**What is required**:
Scan the entries for the word "amount" and return every line that has it.

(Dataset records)
■ ■ ■

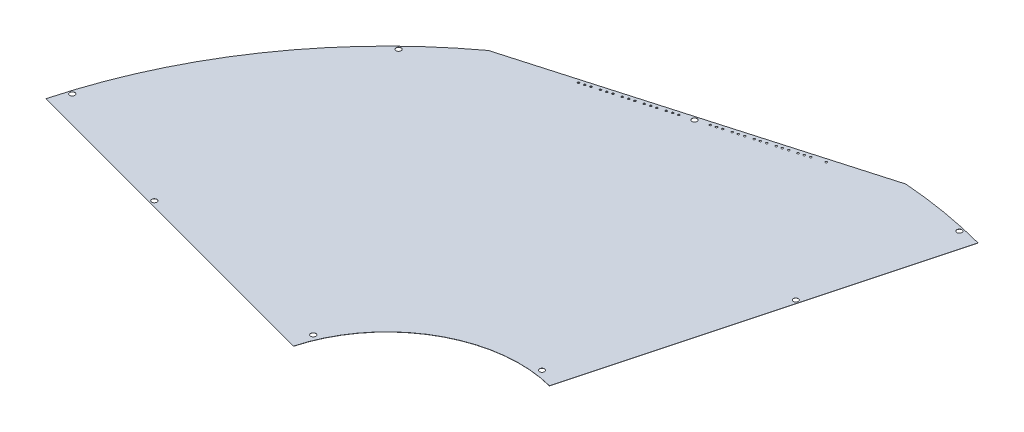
from build123d import *

# Parameters (mm, degrees)
SKETCH1_R      = 2
EXTRUDE1_DEPTH = 0.13
SKETCH3_R      = 0.75
EXTRUDE2_DEPTH = 529.801175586


with BuildPart() as part:
    # Sketch1 → Extrude1 (new body)
    with BuildSketch(Plane(origin=(0, 0, 0), x_dir=(1, 0, 0), z_dir=(0, 1, 0))):
        with BuildLine():
            Line((29.528359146, 379.854019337), (-226.333431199, 306.486831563))
            ThreePointArc((-226.333431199, 306.486831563), (-314.686889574, 214.786315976), (-367.888013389, 99.092934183))
            Line((-367.888013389, 99.092934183), (-101.29165232, 27.658654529))
            ThreePointArc((-101.29165232, 27.658654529), (-52.5, 90.932667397), (26.692728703, 101.550471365))
            Line((26.692728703, 101.550471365), (98.127008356, 368.146832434))
            ThreePointArc((98.127008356, 368.146832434), (64.095536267, 375.569916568), (29.528359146, 379.854019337))
        make_face()
        with Locations(Location((-360.801175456, 112.723164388, 0), (0, 0, 270))):
            Circle(SKETCH1_R, mode=Mode.SUBTRACT)
        with Locations(Location((-262.580864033, 271.910444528, 0), (0, 0, 270))):
            Circle(SKETCH1_R, mode=Mode.SUBTRACT)
        with Locations(Location((-101.180022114, 43.157886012, 0), (0, 0, 270))):
            Circle(SKETCH1_R, mode=Mode.SUBTRACT)
        with Locations(Location((-97.575623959, 340.286640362, 0), (0, 0, 270))):
            Circle(SKETCH1_R, mode=Mode.SUBTRACT)
        with Locations(Location((13.214185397, 109.203412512, 0), (0, 0, 270))):
            Circle(SKETCH1_R, mode=Mode.SUBTRACT)
        with Locations(Location((82.779463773, 368.824565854, 0), (0, 0, 270))):
            Circle(SKETCH1_R, mode=Mode.SUBTRACT)
        with Locations(Location((65.311626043, 257.269268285, 0), (0, 0, 270))):
            Circle(SKETCH1_R, mode=Mode.SUBTRACT)
        with Locations(Location((-255.457534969, 72.073106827, 0), (0, 0, 270))):
            Circle(SKETCH1_R, mode=Mode.SUBTRACT)
    extrude(amount=EXTRUDE1_DEPTH)

    # Sketch3 → Extrude2 (cut, through all)
    with BuildSketch(Plane.XZ):
        with Locations(Location((-107.188240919, -337.530266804, 0), (0, 0, 270))):
            Circle(SKETCH3_R)
        with Locations(Location((-120.645904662, -333.671343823, 0), (0, 0, 270))):
            Circle(SKETCH3_R)
        with Locations(Location((-124.490951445, -332.568794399, 0), (0, 0, 270))):
            Circle(SKETCH3_R)
        with Locations(Location((-111.033287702, -336.427717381, 0), (0, 0, 270))):
            Circle(SKETCH3_R)
        with Locations(Location((-114.878334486, -335.325167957, 0), (0, 0, 270))):
            Circle(SKETCH3_R)
        with Locations(Location((-128.335998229, -331.466244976, 0), (0, 0, 270))):
            Circle(SKETCH3_R)
        with Locations(Location((-134.103568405, -329.812420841, 0), (0, 0, 270))):
            Circle(SKETCH3_R)
        with Locations(Location((-137.948615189, -328.709871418, 0), (0, 0, 270))):
            Circle(SKETCH3_R)
        with Locations(Location((-141.793661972, -327.607321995, 0), (0, 0, 270))):
            Circle(SKETCH3_R)
        with Locations(Location((-147.561232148, -325.95349786, 0), (0, 0, 270))):
            Circle(SKETCH3_R)
        with Locations(Location((-151.406278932, -324.850948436, 0), (0, 0, 270))):
            Circle(SKETCH3_R)
        with Locations(Location((-155.251325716, -323.748399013, 0), (0, 0, 270))):
            Circle(SKETCH3_R)
        with Locations(Location((-161.018895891, -322.094574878, 0), (0, 0, 270))):
            Circle(SKETCH3_R)
        with Locations(Location((-164.863942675, -320.992025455, 0), (0, 0, 270))):
            Circle(SKETCH3_R)
        with Locations(Location((-168.708989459, -319.889476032, 0), (0, 0, 270))):
            Circle(SKETCH3_R)
        with Locations(Location((-26.44225846, -360.683804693, 0), (0, 0, 90))):
            Circle(SKETCH3_R)
        with Locations(Location((-30.287305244, -359.581255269, 0), (0, 0, 90))):
            Circle(SKETCH3_R)
        with Locations(Location((-34.132352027, -358.478705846, 0), (0, 0, 90))):
            Circle(SKETCH3_R)
        with Locations(Location((-39.899922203, -356.824881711, 0), (0, 0, 90))):
            Circle(SKETCH3_R)
        with Locations(Location((-43.744968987, -355.722332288, 0), (0, 0, 90))):
            Circle(SKETCH3_R)
        with Locations(Location((-47.59001577, -354.619782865, 0), (0, 0, 90))):
            Circle(SKETCH3_R)
        with Locations(Location((-53.357585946, -352.96595873, 0), (0, 0, 90))):
            Circle(SKETCH3_R)
        with Locations(Location((-57.20263273, -351.863409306, 0), (0, 0, 90))):
            Circle(SKETCH3_R)
        with Locations(Location((-61.047679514, -350.760859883, 0), (0, 0, 90))):
            Circle(SKETCH3_R)
        with Locations(Location((-66.815249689, -349.107035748, 0), (0, 0, 90))):
            Circle(SKETCH3_R)
        with Locations(Location((-80.272913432, -345.248112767, 0), (0, 0, 90))):
            Circle(SKETCH3_R)
        with Locations(Location((-84.117960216, -344.145563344, 0), (0, 0, 90))):
            Circle(SKETCH3_R)
        with Locations(Location((-70.660296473, -348.004486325, 0), (0, 0, 90))):
            Circle(SKETCH3_R)
        with Locations(Location((-74.505343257, -346.901936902, 0), (0, 0, 90))):
            Circle(SKETCH3_R)
        with Locations(Location((-87.963007, -343.04301392, 0), (0, 0, 90))):
            Circle(SKETCH3_R)
        with Locations(Location((-16.8296415, -363.440178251, 0), (0, 0, 270))):
            Circle(SKETCH3_R)
    extrude(amount=-EXTRUDE2_DEPTH, mode=Mode.SUBTRACT)


solid = part.part
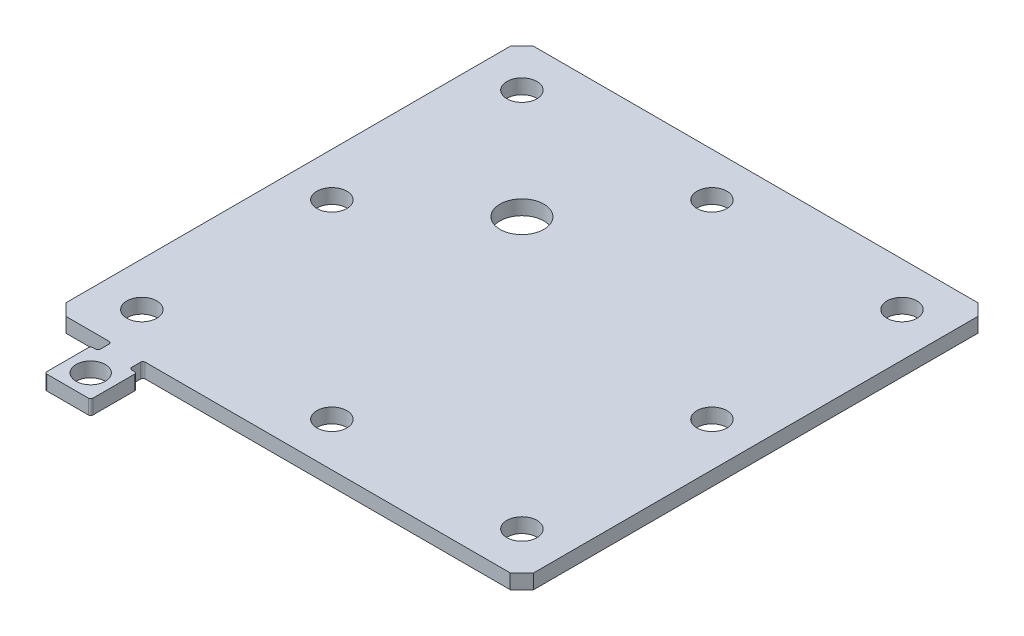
ISO-10303-21;
HEADER;
FILE_DESCRIPTION(('STEP AP214'),'2;1');
FILE_NAME('part.step','',(''),(''),'','','');
FILE_SCHEMA(('AUTOMOTIVE_DESIGN { 1 0 10303 214 1 1 1 1 }'));
ENDSEC;
DATA;
#1=APPLICATION_CONTEXT('core data for automotive mechanical design processes');
#2=APPLICATION_PROTOCOL_DEFINITION('international standard','automotive_design',2000,#1);
#3=PRODUCT_CONTEXT('',#1,'mechanical');
#4=PRODUCT('Part','Part','',(#3));
#5=PRODUCT_RELATED_PRODUCT_CATEGORY('part','',(#4));
#6=PRODUCT_DEFINITION_FORMATION('','',#4);
#7=PRODUCT_DEFINITION_CONTEXT('part definition',#1,'design');
#8=PRODUCT_DEFINITION('design','',#6,#7);
#9=PRODUCT_DEFINITION_SHAPE('','',#8);
#10=(LENGTH_UNIT() NAMED_UNIT(*) SI_UNIT(.MILLI.,.METRE.));
#11=(NAMED_UNIT(*) PLANE_ANGLE_UNIT() SI_UNIT($,.RADIAN.));
#12=(NAMED_UNIT(*) SI_UNIT($,.STERADIAN.) SOLID_ANGLE_UNIT());
#13=UNCERTAINTY_MEASURE_WITH_UNIT(LENGTH_MEASURE(1.E-05),#10,'distance_accuracy_value','');
#14=(GEOMETRIC_REPRESENTATION_CONTEXT(3) GLOBAL_UNCERTAINTY_ASSIGNED_CONTEXT((#13)) GLOBAL_UNIT_ASSIGNED_CONTEXT((#10,
#11,#12)) REPRESENTATION_CONTEXT('',''));
#15=CARTESIAN_POINT('',(0.,0.,0.));
#16=DIRECTION('',(0.,0.,1.));
#17=DIRECTION('',(1.,0.,0.));
#18=AXIS2_PLACEMENT_3D('',#15,#16,#17);
#19=CARTESIAN_POINT('',(46.012230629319,3.175,44.6508696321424));
#20=DIRECTION('',(0.,1.,0.));
#21=DIRECTION('',(0.,0.,1.));
#22=AXIS2_PLACEMENT_3D('',#19,#20,#21);
#23=PLANE('',#22);
#24=CARTESIAN_POINT('',(67.974730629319,3.175,-27.0496638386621));
#25=DIRECTION('',(0.,1.,0.));
#26=DIRECTION('',(0.,0.,1.));
#27=AXIS2_PLACEMENT_3D('',#24,#25,#26);
#28=CIRCLE('',#27,4.7625);
#29=CARTESIAN_POINT('',(67.974730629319,3.175,-22.2871638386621));
#30=VERTEX_POINT('',#29);
#31=EDGE_CURVE('E475',#30,#30,#28,.T.);
#32=ORIENTED_EDGE('',*,*,#31,.F.);
#33=EDGE_LOOP('',(#32));
#34=FACE_BOUND('',#33,.T.);
#35=CARTESIAN_POINT('',(85.437230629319,3.175,-50.8621638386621));
#36=DIRECTION('',(0.,1.,0.));
#37=DIRECTION('',(0.,0.,1.));
#38=AXIS2_PLACEMENT_3D('',#35,#36,#37);
#39=CIRCLE('',#38,3.2639);
#40=CARTESIAN_POINT('',(85.437230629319,3.175,-47.5982638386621));
#41=VERTEX_POINT('',#40);
#42=EDGE_CURVE('E487',#41,#41,#39,.T.);
#43=ORIENTED_EDGE('',*,*,#42,.F.);
#44=EDGE_LOOP('',(#43));
#45=FACE_BOUND('',#44,.T.);
#46=CARTESIAN_POINT('',(126.712230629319,3.175,-9.58716383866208));
#47=DIRECTION('',(0.,1.,0.));
#48=DIRECTION('',(0.,0.,1.));
#49=AXIS2_PLACEMENT_3D('',#46,#47,#48);
#50=CIRCLE('',#49,3.26390000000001);
#51=CARTESIAN_POINT('',(126.712230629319,3.175,-6.32326383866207));
#52=VERTEX_POINT('',#51);
#53=EDGE_CURVE('E499',#52,#52,#50,.T.);
#54=ORIENTED_EDGE('',*,*,#53,.F.);
#55=EDGE_LOOP('',(#54));
#56=FACE_BOUND('',#55,.T.);
#57=CARTESIAN_POINT('',(85.437230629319,3.175,31.6878361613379));
#58=DIRECTION('',(0.,1.,0.));
#59=DIRECTION('',(0.,0.,1.));
#60=AXIS2_PLACEMENT_3D('',#57,#58,#59);
#61=CIRCLE('',#60,3.2639);
#62=CARTESIAN_POINT('',(85.437230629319,3.175,34.9517361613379));
#63=VERTEX_POINT('',#62);
#64=EDGE_CURVE('E511',#63,#63,#61,.T.);
#65=ORIENTED_EDGE('',*,*,#64,.F.);
#66=EDGE_LOOP('',(#65));
#67=FACE_BOUND('',#66,.T.);
#68=CARTESIAN_POINT('',(44.162230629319,3.175,-9.58716383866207));
#69=DIRECTION('',(0.,1.,0.));
#70=DIRECTION('',(0.,0.,1.));
#71=AXIS2_PLACEMENT_3D('',#68,#69,#70);
#72=CIRCLE('',#71,3.2639);
#73=CARTESIAN_POINT('',(44.162230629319,3.175,-6.32326383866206));
#74=VERTEX_POINT('',#73);
#75=EDGE_CURVE('E234',#74,#74,#72,.T.);
#76=ORIENTED_EDGE('',*,*,#75,.F.);
#77=EDGE_LOOP('',(#76));
#78=FACE_BOUND('',#77,.T.);
#79=CARTESIAN_POINT('',(46.012230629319,3.175,44.6508696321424));
#80=DIRECTION('',(0.,1.,0.));
#81=DIRECTION('',(0.,0.,1.));
#82=AXIS2_PLACEMENT_3D('',#79,#80,#81);
#83=CIRCLE('',#82,0.5);
#84=CARTESIAN_POINT('',(46.012230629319,3.175,44.1508696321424));
#85=VERTEX_POINT('',#84);
#86=CARTESIAN_POINT('',(45.512230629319,3.175,44.6508696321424));
#87=VERTEX_POINT('',#86);
#88=EDGE_CURVE('E277',#85,#87,#83,.T.);
#89=ORIENTED_EDGE('',*,*,#88,.T.);
#90=DIRECTION('',(0.,0.,1.));
#91=VECTOR('',#90,1.);
#92=CARTESIAN_POINT('',(45.512230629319,3.175,44.6508696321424));
#93=LINE('',#92,#91);
#94=CARTESIAN_POINT('',(45.512230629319,3.175,53.6508696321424));
#95=VERTEX_POINT('',#94);
#96=EDGE_CURVE('E145',#87,#95,#93,.T.);
#97=ORIENTED_EDGE('',*,*,#96,.T.);
#98=CARTESIAN_POINT('',(46.012230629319,3.175,53.6508696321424));
#99=DIRECTION('',(0.,1.,0.));
#100=DIRECTION('',(0.,0.,1.));
#101=AXIS2_PLACEMENT_3D('',#98,#99,#100);
#102=CIRCLE('',#101,0.5);
#103=CARTESIAN_POINT('',(46.012230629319,3.175,54.1508696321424));
#104=VERTEX_POINT('',#103);
#105=EDGE_CURVE('E340',#95,#104,#102,.T.);
#106=ORIENTED_EDGE('',*,*,#105,.T.);
#107=DIRECTION('',(1.,0.,0.));
#108=VECTOR('',#107,1.);
#109=CARTESIAN_POINT('',(46.012230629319,3.175,54.1508696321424));
#110=LINE('',#109,#108);
#111=CARTESIAN_POINT('',(55.012230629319,3.175,54.1508696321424));
#112=VERTEX_POINT('',#111);
#113=EDGE_CURVE('E359',#104,#112,#110,.T.);
#114=ORIENTED_EDGE('',*,*,#113,.T.);
#115=CARTESIAN_POINT('',(55.012230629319,3.175,53.6508696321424));
#116=DIRECTION('',(0.,1.,0.));
#117=DIRECTION('',(0.,0.,1.));
#118=AXIS2_PLACEMENT_3D('',#115,#116,#117);
#119=CIRCLE('',#118,0.5);
#120=CARTESIAN_POINT('',(55.512230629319,3.175,53.6508696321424));
#121=VERTEX_POINT('',#120);
#122=EDGE_CURVE('E356',#112,#121,#119,.T.);
#123=ORIENTED_EDGE('',*,*,#122,.T.);
#124=DIRECTION('',(0.,0.,-1.));
#125=VECTOR('',#124,1.);
#126=CARTESIAN_POINT('',(55.512230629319,3.175,53.6508696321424));
#127=LINE('',#126,#125);
#128=CARTESIAN_POINT('',(55.512230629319,3.175,44.6508696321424));
#129=VERTEX_POINT('',#128);
#130=EDGE_CURVE('E358',#121,#129,#127,.T.);
#131=ORIENTED_EDGE('',*,*,#130,.T.);
#132=CARTESIAN_POINT('',(55.012230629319,3.175,44.6508696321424));
#133=DIRECTION('',(0.,1.,0.));
#134=DIRECTION('',(0.,0.,1.));
#135=AXIS2_PLACEMENT_3D('',#132,#133,#134);
#136=CIRCLE('',#135,0.5);
#137=CARTESIAN_POINT('',(55.012230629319,3.175,44.1508696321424));
#138=VERTEX_POINT('',#137);
#139=EDGE_CURVE('E361',#129,#138,#136,.T.);
#140=ORIENTED_EDGE('',*,*,#139,.T.);
#141=DIRECTION('',(-1.,0.,0.));
#142=VECTOR('',#141,1.);
#143=CARTESIAN_POINT('',(55.012230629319,3.175,44.1508696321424));
#144=LINE('',#143,#142);
#145=CARTESIAN_POINT('',(54.4247306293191,3.175,44.1508696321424));
#146=VERTEX_POINT('',#145);
#147=EDGE_CURVE('E367',#138,#146,#144,.T.);
#148=ORIENTED_EDGE('',*,*,#147,.T.);
#149=CARTESIAN_POINT('',(54.4247306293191,3.175,43.6508696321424));
#150=DIRECTION('',(0.,-1.,0.));
#151=DIRECTION('',(0.,0.,1.));
#152=AXIS2_PLACEMENT_3D('',#149,#150,#151);
#153=CIRCLE('',#152,0.5);
#154=CARTESIAN_POINT('',(53.9247306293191,3.175,43.6508696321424));
#155=VERTEX_POINT('',#154);
#156=EDGE_CURVE('E369',#146,#155,#153,.T.);
#157=ORIENTED_EDGE('',*,*,#156,.T.);
#158=DIRECTION('',(0.,0.,-1.));
#159=VECTOR('',#158,1.);
#160=CARTESIAN_POINT('',(53.9247306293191,3.175,43.6508696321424));
#161=LINE('',#160,#159);
#162=CARTESIAN_POINT('',(53.9247306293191,3.175,41.7128361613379));
#163=VERTEX_POINT('',#162);
#164=EDGE_CURVE('E371',#155,#163,#161,.T.);
#165=ORIENTED_EDGE('',*,*,#164,.T.);
#166=CARTESIAN_POINT('',(54.4247306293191,3.175,41.7128361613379));
#167=DIRECTION('',(0.,-1.,0.));
#168=DIRECTION('',(0.,0.,1.));
#169=AXIS2_PLACEMENT_3D('',#166,#167,#168);
#170=CIRCLE('',#169,0.5);
#171=CARTESIAN_POINT('',(54.4247306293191,3.175,41.2128361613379));
#172=VERTEX_POINT('',#171);
#173=EDGE_CURVE('E373',#163,#172,#170,.T.);
#174=ORIENTED_EDGE('',*,*,#173,.T.);
#175=DIRECTION('',(1.,0.,0.));
#176=VECTOR('',#175,1.);
#177=CARTESIAN_POINT('',(54.4247306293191,3.175,41.2128361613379));
#178=LINE('',#177,#176);
#179=CARTESIAN_POINT('',(133.697230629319,3.175,41.2128361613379));
#180=VERTEX_POINT('',#179);
#181=EDGE_CURVE('E375',#172,#180,#178,.T.);
#182=ORIENTED_EDGE('',*,*,#181,.T.);
#183=DIRECTION('',(0.70710678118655,0.,-0.707106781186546));
#184=VECTOR('',#183,1.);
#185=CARTESIAN_POINT('',(133.697230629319,3.175,41.2128361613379));
#186=LINE('',#185,#184);
#187=CARTESIAN_POINT('',(136.237230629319,3.175,38.6728361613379));
#188=VERTEX_POINT('',#187);
#189=EDGE_CURVE('E377',#180,#188,#186,.T.);
#190=ORIENTED_EDGE('',*,*,#189,.T.);
#191=DIRECTION('',(0.,0.,-1.));
#192=VECTOR('',#191,1.);
#193=CARTESIAN_POINT('',(136.237230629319,3.175,38.6728361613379));
#194=LINE('',#193,#192);
#195=CARTESIAN_POINT('',(136.237230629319,3.175,-57.8471638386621));
#196=VERTEX_POINT('',#195);
#197=EDGE_CURVE('E379',#188,#196,#194,.T.);
#198=ORIENTED_EDGE('',*,*,#197,.T.);
#199=DIRECTION('',(-0.70710678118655,0.,-0.707106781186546));
#200=VECTOR('',#199,1.);
#201=CARTESIAN_POINT('',(136.237230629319,3.175,-57.8471638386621));
#202=LINE('',#201,#200);
#203=CARTESIAN_POINT('',(133.697230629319,3.175,-60.3871638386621));
#204=VERTEX_POINT('',#203);
#205=EDGE_CURVE('E381',#196,#204,#202,.T.);
#206=ORIENTED_EDGE('',*,*,#205,.T.);
#207=DIRECTION('',(-1.,0.,0.));
#208=VECTOR('',#207,1.);
#209=CARTESIAN_POINT('',(133.697230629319,3.175,-60.3871638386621));
#210=LINE('',#209,#208);
#211=CARTESIAN_POINT('',(37.177230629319,3.175,-60.3871638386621));
#212=VERTEX_POINT('',#211);
#213=EDGE_CURVE('E383',#204,#212,#210,.T.);
#214=ORIENTED_EDGE('',*,*,#213,.T.);
#215=DIRECTION('',(-0.707106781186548,0.,0.707106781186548));
#216=VECTOR('',#215,1.);
#217=CARTESIAN_POINT('',(37.177230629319,3.175,-60.3871638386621));
#218=LINE('',#217,#216);
#219=CARTESIAN_POINT('',(34.637230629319,3.175,-57.8471638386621));
#220=VERTEX_POINT('',#219);
#221=EDGE_CURVE('E385',#212,#220,#218,.T.);
#222=ORIENTED_EDGE('',*,*,#221,.T.);
#223=DIRECTION('',(0.,0.,1.));
#224=VECTOR('',#223,1.);
#225=CARTESIAN_POINT('',(34.637230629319,3.175,-57.8471638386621));
#226=LINE('',#225,#224);
#227=CARTESIAN_POINT('',(34.637230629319,3.175,38.6728361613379));
#228=VERTEX_POINT('',#227);
#229=EDGE_CURVE('E387',#220,#228,#226,.T.);
#230=ORIENTED_EDGE('',*,*,#229,.T.);
#231=DIRECTION('',(0.707106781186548,0.,0.707106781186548));
#232=VECTOR('',#231,1.);
#233=CARTESIAN_POINT('',(34.637230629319,3.175,38.6728361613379));
#234=LINE('',#233,#232);
#235=CARTESIAN_POINT('',(37.177230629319,3.175,41.2128361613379));
#236=VERTEX_POINT('',#235);
#237=EDGE_CURVE('E389',#228,#236,#234,.T.);
#238=ORIENTED_EDGE('',*,*,#237,.T.);
#239=DIRECTION('',(1.,0.,0.));
#240=VECTOR('',#239,1.);
#241=CARTESIAN_POINT('',(37.177230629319,3.175,41.2128361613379));
#242=LINE('',#241,#240);
#243=CARTESIAN_POINT('',(46.599730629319,3.175,41.2128361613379));
#244=VERTEX_POINT('',#243);
#245=EDGE_CURVE('E391',#236,#244,#242,.T.);
#246=ORIENTED_EDGE('',*,*,#245,.T.);
#247=CARTESIAN_POINT('',(46.599730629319,3.175,41.7128361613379));
#248=DIRECTION('',(0.,-1.,0.));
#249=DIRECTION('',(0.,0.,1.));
#250=AXIS2_PLACEMENT_3D('',#247,#248,#249);
#251=CIRCLE('',#250,0.5);
#252=CARTESIAN_POINT('',(47.099730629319,3.175,41.7128361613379));
#253=VERTEX_POINT('',#252);
#254=EDGE_CURVE('E212',#244,#253,#251,.T.);
#255=ORIENTED_EDGE('',*,*,#254,.T.);
#256=DIRECTION('',(0.,0.,1.));
#257=VECTOR('',#256,1.);
#258=CARTESIAN_POINT('',(47.099730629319,3.175,41.7128361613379));
#259=LINE('',#258,#257);
#260=CARTESIAN_POINT('',(47.099730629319,3.175,43.6508696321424));
#261=VERTEX_POINT('',#260);
#262=EDGE_CURVE('E206',#253,#261,#259,.T.);
#263=ORIENTED_EDGE('',*,*,#262,.T.);
#264=CARTESIAN_POINT('',(46.599730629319,3.175,43.6508696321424));
#265=DIRECTION('',(0.,-1.,0.));
#266=DIRECTION('',(0.,0.,1.));
#267=AXIS2_PLACEMENT_3D('',#264,#265,#266);
#268=CIRCLE('',#267,0.5);
#269=CARTESIAN_POINT('',(46.599730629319,3.175,44.1508696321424));
#270=VERTEX_POINT('',#269);
#271=EDGE_CURVE('E210',#261,#270,#268,.T.);
#272=ORIENTED_EDGE('',*,*,#271,.T.);
#273=DIRECTION('',(-1.,0.,0.));
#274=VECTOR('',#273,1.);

■ ■ ■

**Reply**:
    extrude(amount=EXTRUDE1_DEPTH)
    extrude(amount=-EXTRUDE2_DEPTH, mode=Mode.SUBTRACT)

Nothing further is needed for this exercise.